• [EXERCISE BRIEF] On how many lines of these entries does the word "radius" occur? State the number alone.

═══ INFORMATION GIVEN ═══

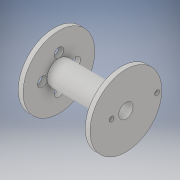
# Autodesk Inventor part: Spool1
Saved by Autodesk Inventor 2019 (Build 230136000, 136)
## iProperties
Created: 2019-01-14
Part Number: Spool1
Material: Generic
Document SubType Name: Modeling
Designer: Kepler
Density: 1 g/cm^3
Appearance: Default
Author: Kepler
Autodesk Inventor part; units mm, degrees
ref_plane "YZ Plane" through (0, 0, 0) normal (1, 0, 0) x (0, 1, 0)
ref_plane "XZ Plane" through (0, 0, 0) normal (0, 1, 0) x (-1, 0, 0)
ref_plane "XY Plane" through (0, 0, 0) normal (0, 0, 1) x (1, 0, 0)
sketch "Sketch1" plane through (0, 0, 0) normal (0, 0, 1) x (1, 0, 0)
  line L0 (0, 0) -> (2, 0)
  line L1 (2, 0) -> (2, 10)
  line L2 (2, 10) -> (28, 10)
  line L3 (28, 10) -> (28, 0)
  line L4 (28, 0) -> (30, 0)
  line L5 (30, 0) -> (30, 12)
  line L6 (30, 12) -> (0, 12)
  line L7 (0, 12) -> (0, 0)
  line L8 (30, 15) -> (0, 15)
  dimension "d0" = 2
  dimension "d1" = 10
  dimension "d2" = 26
  dimension "d3" = 2
  dimension "d4" = 12
  dimension "d5" = 3
  dimension "d6" = 30
  constraints: 18 end point, 6 perpendicular, 4 point on line, 1 horizontal, 1 parallel
  measures "d0" distance of L0.start L0.end
  measures "d1" distance of L0.end L1.end
  measures "d2" distance of L1.end L2.end
  measures "d3" distance of L3.end L4.end
  measures "d4" distance of L4.end L5.end
  measures "d5" distance of L5.end L8.start
  measures "d6" distance between parallel lines of L5 L7
revolve "Revolution1" add sketch "Sketch1" angle 360 about axis through (30, 15, 0) along (-1, 0, 0)
sketch "Sketch2" plane through (0, 15, 0) normal (-1, 0, 0) x (0, 0, 1)
  circle A0 centre (7, 0) radius 2
  circle A1 centre (-7, 0) radius 2
  circle A2 centre (0, 7) radius 2
  circle A3 centre (0, -7) radius 2
  point P0 (0, -15)
  point P1 (0, 0)
  dimension "d8" = 4
  dimension "d10" = 4
  dimension "d13" = 4
  dimension "d14" = 4
  dimension "d17" = 7
  dimension "d18" = 7
  dimension "d19" = 7
  dimension "d20" = 7
  constraints: 4 centre point
  measures "d8" diameter of A0
  measures "d10" diameter of A1
  measures "d13" diameter of A2
  measures "d14" diameter of A3
  measures "d17" distance of point (0, 0) A1.centre
  measures "d18" distance of point (0, 0) A2.centre
  measures "d19" distance of point (0, 0) A0.centre
  measures "d20" distance of point (0, 0) A3.centre
sketch "Sketch3" plane through (0, 15, 0) normal (-1, 0, 0) x (0, 0, 1)
  point P0 (0, -15)
extrude "Extrusion1" cut sketch "Sketch2" against normal blind 2
sketch "Sketch4" plane through (30, 15, 0) normal (1, 0, 0) x (0, 0, -1)
  circle A0 centre (13, 0) radius 1
  circle A1 centre (-6, 0) radius 1
  point P0 (0, -15)
  point P1 (0, 0)
  dimension "d23" = 2
  dimension "d24" = 2
  dimension "d25" = 6
  dimension "d26" = 13
  constraints: 2 centre point, 1 other
  measures "d23" diameter of A0
  measures "d24" diameter of A1
  measures "d25" distance of point (0, 0) A1.centre
  measures "d26" distance of point (0, 0) A0.centre
extrude "Extrusion2" cut sketch "Sketch4" against normal blind 2
body "Solid1"

═══

• [SOLUTION] 6